I believe you will see from that the opening statement fits with where you are in your journey with you {in the dream} following the black haired girl despite the prevailing odds against achieving success. The success is from staying the path and not just outwardly success.

Jerry

Age & Gender & Location {Required}: 65 Cocoa, Fl

Have You Posted Before? Date of Last Post {Use Search and Your Post Name to Help Find Last Post} Yes

How Did You Find the Dream Forum? Yes

Re: Dream

Jerry
Thank you so much for analyzing my dream,I've thought about what you've said I tried to understand my dream with your guidance

First paragraph : I want to become independent and successful and I think I have found my way but it's a long way...There has been two years that I started to read psychoanalytic book and thinking about my dreams. And the day that I saw this dream I have finished "man and his symbols".I started discovering my self after having some serious struggles with my friends. When I look deep down those problems still make me ashamed and feeling guilty. Those problems has caused me take this journey that helped me to grow my personality and be open to new ways of thinking. I think this dream wants to tell me to stay on my way in order to reach wholeness and achieving my goals. And this way is definitely against the norms of my traditional sick society.

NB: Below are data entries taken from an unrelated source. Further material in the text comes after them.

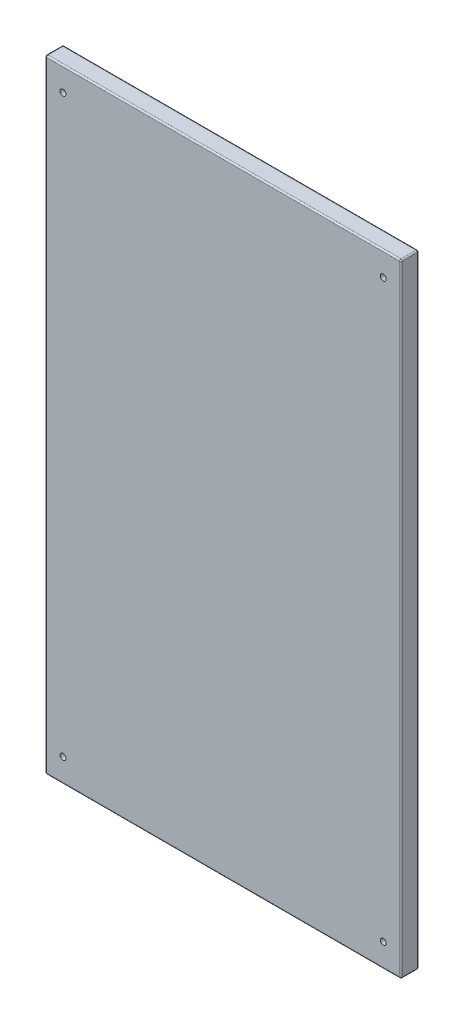
ISO-10303-21;
HEADER;
FILE_DESCRIPTION(('STEP AP214'),'2;1');
FILE_NAME('part.step','',(''),(''),'','','');
FILE_SCHEMA(('AUTOMOTIVE_DESIGN { 1 0 10303 214 1 1 1 1 }'));
ENDSEC;
DATA;
#1=APPLICATION_CONTEXT('core data for automotive mechanical design processes');
#2=APPLICATION_PROTOCOL_DEFINITION('international standard','automotive_design',2000,#1);
#3=PRODUCT_CONTEXT('',#1,'mechanical');
#4=PRODUCT('Part','Part','',(#3));
#5=PRODUCT_RELATED_PRODUCT_CATEGORY('part','',(#4));
#6=PRODUCT_DEFINITION_FORMATION('','',#4);
#7=PRODUCT_DEFINITION_CONTEXT('part definition',#1,'design');
#8=PRODUCT_DEFINITION('design','',#6,#7);
#9=PRODUCT_DEFINITION_SHAPE('','',#8);
#10=(LENGTH_UNIT() NAMED_UNIT(*) SI_UNIT(.MILLI.,.METRE.));
#11=(NAMED_UNIT(*) PLANE_ANGLE_UNIT() SI_UNIT($,.RADIAN.));
#12=(NAMED_UNIT(*) SI_UNIT($,.STERADIAN.) SOLID_ANGLE_UNIT());
#13=UNCERTAINTY_MEASURE_WITH_UNIT(LENGTH_MEASURE(1.E-05),#10,'distance_accuracy_value','');
#14=(GEOMETRIC_REPRESENTATION_CONTEXT(3) GLOBAL_UNCERTAINTY_ASSIGNED_CONTEXT((#13)) GLOBAL_UNIT_ASSIGNED_CONTEXT((#10,
#11,#12)) REPRESENTATION_CONTEXT('',''));
#15=CARTESIAN_POINT('',(0.,0.,0.));
#16=DIRECTION('',(0.,0.,1.));
#17=DIRECTION('',(1.,0.,0.));
#18=AXIS2_PLACEMENT_3D('',#15,#16,#17);
#19=CARTESIAN_POINT('',(-120.,105.,6.));
#20=DIRECTION('',(1.,0.,0.));
#21=DIRECTION('',(0.,0.,-1.));
#22=AXIS2_PLACEMENT_3D('',#19,#20,#21);
#23=PLANE('',#22);
#24=DIRECTION('',(0.,-1.,0.));
#25=VECTOR('',#24,1.);
#26=CARTESIAN_POINT('',(-120.,105.,0.5));
#27=LINE('',#26,#25);
#28=CARTESIAN_POINT('',(-120.,104.5,0.5));
#29=VERTEX_POINT('',#28);
#30=CARTESIAN_POINT('',(-120.,-104.5,0.5));
#31=VERTEX_POINT('',#30);
#32=EDGE_CURVE('E202',#29,#31,#27,.T.);
#33=ORIENTED_EDGE('',*,*,#32,.T.);
#34=DIRECTION('',(0.,0.,-1.));
#35=VECTOR('',#34,1.);
#36=CARTESIAN_POINT('',(-120.,-104.5,6.));
#37=LINE('',#36,#35);
#38=CARTESIAN_POINT('',(-120.,-104.5,5.5));
#39=VERTEX_POINT('',#38);
#40=EDGE_CURVE('E204',#31,#39,#37,.F.);
#41=ORIENTED_EDGE('',*,*,#40,.T.);
#42=DIRECTION('',(0.,-1.,0.));
#43=VECTOR('',#42,1.);
#44=CARTESIAN_POINT('',(-120.,105.,5.5));
#45=LINE('',#44,#43);
#46=CARTESIAN_POINT('',(-120.,104.5,5.5));
#47=VERTEX_POINT('',#46);
#48=EDGE_CURVE('E200',#39,#47,#45,.F.);
#49=ORIENTED_EDGE('',*,*,#48,.T.);
#50=DIRECTION('',(0.,0.,-1.));
#51=VECTOR('',#50,1.);
#52=CARTESIAN_POINT('',(-120.,104.5,6.));
#53=LINE('',#52,#51);
#54=EDGE_CURVE('E198',#47,#29,#53,.T.);
#55=ORIENTED_EDGE('',*,*,#54,.T.);
#56=EDGE_LOOP('',(#33,#41,#49,#55));
#57=FACE_BOUND('',#56,.T.);
#58=ADVANCED_FACE('F36',(#57),#23,.F.);
#59=CARTESIAN_POINT('',(-120.,-105.,6.));
#60=DIRECTION('',(0.,1.,0.));
#61=DIRECTION('',(0.,0.,1.));
#62=AXIS2_PLACEMENT_3D('',#59,#60,#61);
#63=PLANE('',#62);
#64=DIRECTION('',(1.,0.,0.));
#65=VECTOR('',#64,1.);
#66=CARTESIAN_POINT('',(-120.,-105.,0.5));
#67=LINE('',#66,#65);
#68=CARTESIAN_POINT('',(-119.5,-105.,0.5));
#69=VERTEX_POINT('',#68);
#70=CARTESIAN_POINT('',(-0.499999999999986,-105.,0.5));
#71=VERTEX_POINT('',#70);
#72=EDGE_CURVE('E175',#69,#71,#67,.T.);
#73=ORIENTED_EDGE('',*,*,#72,.T.);
#74=DIRECTION('',(0.,0.,-1.));
#75=VECTOR('',#74,1.);
#76=CARTESIAN_POINT('',(-0.499999999999987,-105.,6.));
#77=LINE('',#76,#75);
#78=CARTESIAN_POINT('',(-0.499999999999986,-105.,5.5));
#79=VERTEX_POINT('',#78);
#80=EDGE_CURVE('E177',#71,#79,#77,.F.);
#81=ORIENTED_EDGE('',*,*,#80,.T.);
#82=DIRECTION('',(1.,0.,0.));
#83=VECTOR('',#82,1.);
#84=CARTESIAN_POINT('',(-120.,-105.,5.5));
#85=LINE('',#84,#83);
#86=CARTESIAN_POINT('',(-119.5,-105.,5.5));
#87=VERTEX_POINT('',#86);
#88=EDGE_CURVE('E173',#79,#87,#85,.F.);
#89=ORIENTED_EDGE('',*,*,#88,.T.);
#90=DIRECTION('',(0.,0.,-1.));
#91=VECTOR('',#90,1.);
#92=CARTESIAN_POINT('',(-119.5,-105.,6.));
#93=LINE('',#92,#91);
#94=EDGE_CURVE('E171',#87,#69,#93,.T.);
#95=ORIENTED_EDGE('',*,*,#94,.T.);
#96=EDGE_LOOP('',(#73,#81,#89,#95));
#97=FACE_BOUND('',#96,.T.);
#98=ADVANCED_FACE('F330',(#97),#63,.F.);
#99=CARTESIAN_POINT('',(0.,105.,6.));
#100=DIRECTION('',(-1.,0.,0.));
#101=DIRECTION('',(0.,0.,1.));
#102=AXIS2_PLACEMENT_3D('',#99,#100,#101);
#103=PLANE('',#102);
#104=DIRECTION('',(0.,0.,-1.));
#105=VECTOR('',#104,1.);
#106=CARTESIAN_POINT('',(0.,-104.5,6.));
#107=LINE('',#106,#105);
#108=CARTESIAN_POINT('',(0.,-104.5,5.5));
#109=VERTEX_POINT('',#108);
#110=CARTESIAN_POINT('',(0.,-104.5,0.5));
#111=VERTEX_POINT('',#110);
#112=EDGE_CURVE('E138',#109,#111,#107,.T.);
#113=ORIENTED_EDGE('',*,*,#112,.T.);
#114=DIRECTION('',(0.,1.,0.));
#115=VECTOR('',#114,1.);
#116=CARTESIAN_POINT('',(0.,105.,0.5));
#117=LINE('',#116,#115);
#118=CARTESIAN_POINT('',(0.,104.5,0.5));
#119=VERTEX_POINT('',#118);
#120=EDGE_CURVE('E134',#111,#119,#117,.T.);
#121=ORIENTED_EDGE('',*,*,#120,.T.);
#122=DIRECTION('',(0.,0.,-1.));
#123=VECTOR('',#122,1.);
#124=CARTESIAN_POINT('',(0.,104.5,6.));
#125=LINE('',#124,#123);
#126=CARTESIAN_POINT('',(0.,104.5,5.5));
#127=VERTEX_POINT('',#126);
#128=EDGE_CURVE('E126',#119,#127,#125,.F.);
#129=ORIENTED_EDGE('',*,*,#128,.T.);
#130=DIRECTION('',(0.,1.,0.));
#131=VECTOR('',#130,1.);
#132=CARTESIAN_POINT('',(0.,-105.,5.5));
#133=LINE('',#132,#131);
#134=EDGE_CURVE('E131',#127,#109,#133,.F.);
#135=ORIENTED_EDGE('',*,*,#134,.T.);
#136=EDGE_LOOP('',(#113,#121,#129,#135));
#137=FACE_BOUND('',#136,.T.);
#138=ADVANCED_FACE('F129',(#137),#103,.F.);
#139=CARTESIAN_POINT('',(-120.,105.,6.));
#140=DIRECTION('',(0.,-1.,0.));
#141=DIRECTION('',(0.,0.,-1.));
#142=AXIS2_PLACEMENT_3D('',#139,#140,#141);
#143=PLANE('',#142);
#144=DIRECTION('',(-1.,0.,0.));
#145=VECTOR('',#144,1.);
#146=CARTESIAN_POINT('',(-120.,105.,0.5));
#147=LINE('',#146,#145);
#148=CARTESIAN_POINT('',(-0.499999999999987,105.,0.5));
#149=VERTEX_POINT('',#148);
#150=CARTESIAN_POINT('',(-119.5,105.,0.5));
#151=VERTEX_POINT('',#150);
#152=EDGE_CURVE('E45',#149,#151,#147,.T.);
#153=ORIENTED_EDGE('',*,*,#152,.T.);
#154=DIRECTION('',(0.,0.,-1.));
#155=VECTOR('',#154,1.);
#156=CARTESIAN_POINT('',(-119.5,105.,6.));
#157=LINE('',#156,#155);
#158=CARTESIAN_POINT('',(-119.5,105.,5.5));
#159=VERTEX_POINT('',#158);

Second Paragraph: Maybe mansion is about my life as a medical student. I want to become a psychiatrist and maybe a psychoanalytic therapist later in my life. If I be honest I like being doctor because of the respect that people and relatives gave me but I dont like it very much and so I don't study hard,and for that reason I feel guilty and ashamed that I won't become a good doctor. But others honor me, and part of me respects myself too. I think crippled old man is me and dream wants me to move and dont be passive and study harder. And improper medical baggage is about how I think about myself, a bad doctor!

Third Paragraph: I love this part of your analysis and I think this part is the most complex one. When I look inside I feel that I am not what I am. Like I am hiding my true self from myself and others. Sometimes I feel that I dont believe in what I am saying,and I am not showing my true self. One the greatest achievement that I've reached is trying to recommunicate with my father. We had problems and hated him and blamed him for my passive personality but now I love him and we talk and we both are happy about it. But I guess his influence still affects me and still freezes me and make feel small ... Maybe I have lost my loyalty to my closest friend that orders me too much and this friendship makes me nervous too much! I see my father's influence still affects my life... I have strong emotional impulses that greatly impact my relationship, Maybe dream wants to tell me these are not serious and I act too much. Maybe I am impulsive in order to attract attention of others and my nurturing aspect but I don't get the attention that I want and I feel disappointed but I still try to avoid this truth and act impulsive! In order to reach wholeness and success I have to overcome major obstacles, but I try to avoid them. I think packs resemble some secondary goals that I think I want to reach(like becoming a novelist) that weights me down and don't let me reach my primary goals... I really think I am an unworthy person and this days I think too much about internship and I think I'm not ready for it! I think I won't be successful until I become a perfect psychiatrist and a perfect person but I don't want to try hard for it and want reach it immediately . The nurturing mother archetype tells me to strengthen my animus to overcome obstacles and feel worthy. I really want to be pure:) It's a struggle that I have with myself. And finally! The black haired kind girl, I think she is my powerful anima, and wants to tell me in for having a united animus and anima I must follow my,continue this journey and drop some of my streotypal masculline aspects(I nearly started a fight morning of the day that I saw this dream)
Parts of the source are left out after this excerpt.